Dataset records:
══════════════════════════════

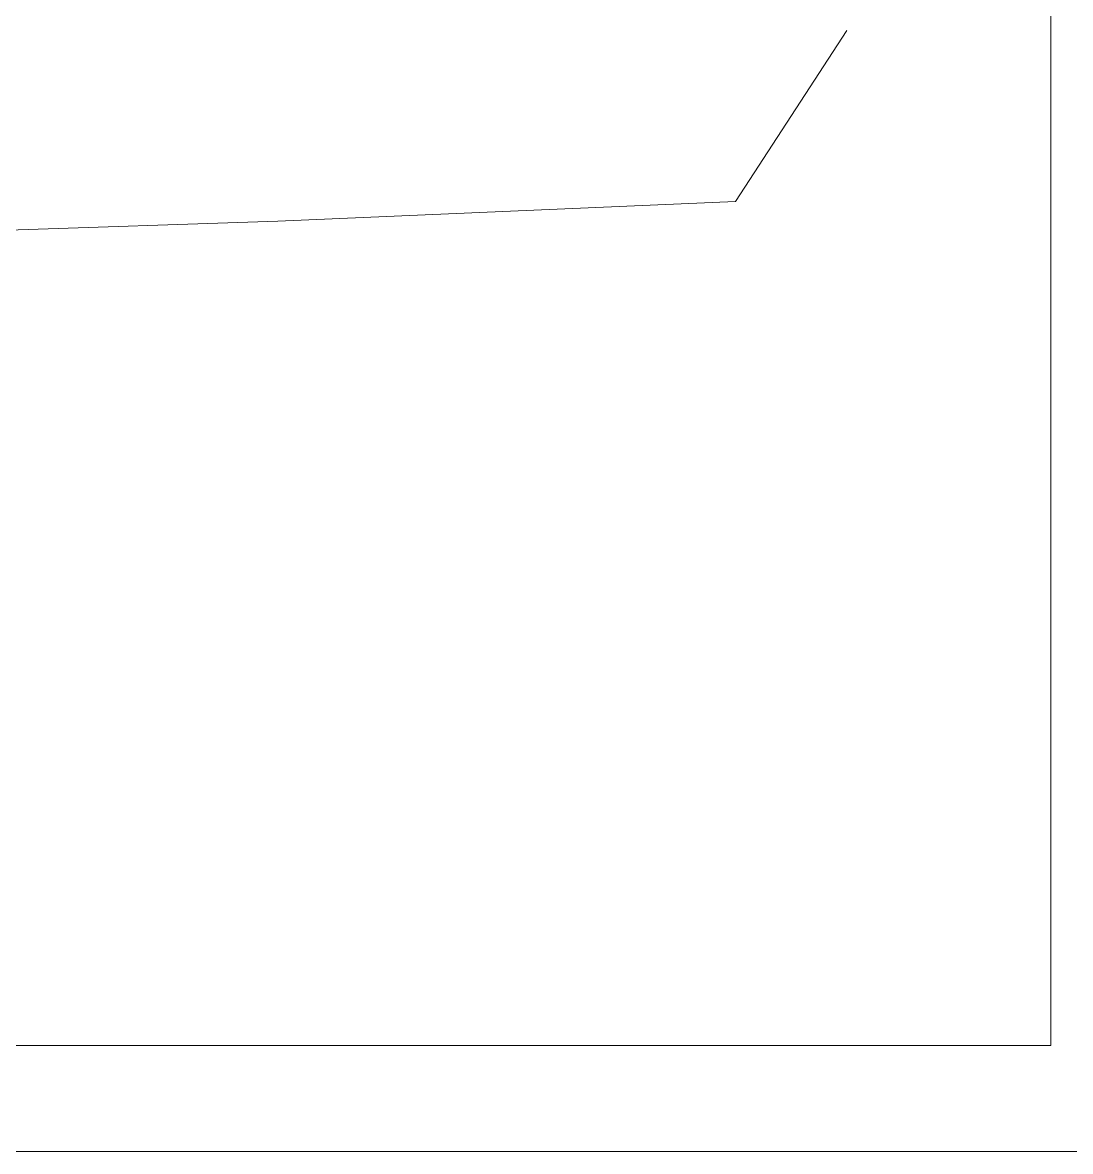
# Paper-space layout '01 Roof Support Layout' of a CAD drawing. Header units: millimetres. Extents: x 5 to 415, y 5 to 287.
# Drawn here: x 238.3 to 332.7, y 4.9 to 106.5 of the extents above; entities that cross this region are included whole.
import ezdxf

# ---------------------------------------------------------------- set-up
doc = ezdxf.new("R2010")
doc.units = ezdxf.units.MM
doc.layers.add('GA_BACKGROUND', color=253, linetype='Continuous')
doc.layers.add('SHEET_GEOMETRY', color=7, linetype='Continuous')

# ---------------------------------------------------------------- blocks, each defined once
blk = doc.blocks.new('SHEET_01_ROOF')
at = {"layer": 'GA_BACKGROUND', "lineweight": 0}
for p, q in [((312.53, 105.8), (302.5, 90.41)), ((302.5, 90.41), (261.32, 88.64)), ((261.32, 88.64), (190.45, 86.29))]:
    blk.add_line(p, q, dxfattribs=at)
at = {"layer": 'SHEET_GEOMETRY', "lineweight": 15}
for p, q in [((330.91, 276.19), (330.91, 14.43)), ((330.91, 14.43), (15.88, 14.43)), ((414.51, 4.9), (4.94, 4.9))]:
    blk.add_line(p, q, dxfattribs=at)

psp = doc.layouts.new('01 Roof Support Layout')

# ---------------------------------------------------------------- block references
psp.add_blockref('SHEET_01_ROOF', (0, 0))

doc.saveas('drawing.dxf')

══════════════════════════════

→ Task directions: Only the lines from the one with "blk = doc.blocks.new('SHEET_01_ROOF')" through the final line above should be repeated, each exactly as written.

→ Problem solution:
blk = doc.blocks.new('SHEET_01_ROOF')
at = {"layer": 'GA_BACKGROUND', "lineweight": 0}
for p, q in [((312.53, 105.8), (302.5, 90.41)), ((302.5, 90.41), (261.32, 88.64)), ((261.32, 88.64), (190.45, 86.29))]:
    blk.add_line(p, q, dxfattribs=at)
at = {"layer": 'SHEET_GEOMETRY', "lineweight": 15}
for p, q in [((330.91, 276.19), (330.91, 14.43)), ((330.91, 14.43), (15.88, 14.43)), ((414.51, 4.9), (4.94, 4.9))]:
    blk.add_line(p, q, dxfattribs=at)

psp = doc.layouts.new('01 Roof Support Layout')

# ---------------------------------------------------------------- block references
psp.add_blockref('SHEET_01_ROOF', (0, 0))

doc.saveas('drawing.dxf')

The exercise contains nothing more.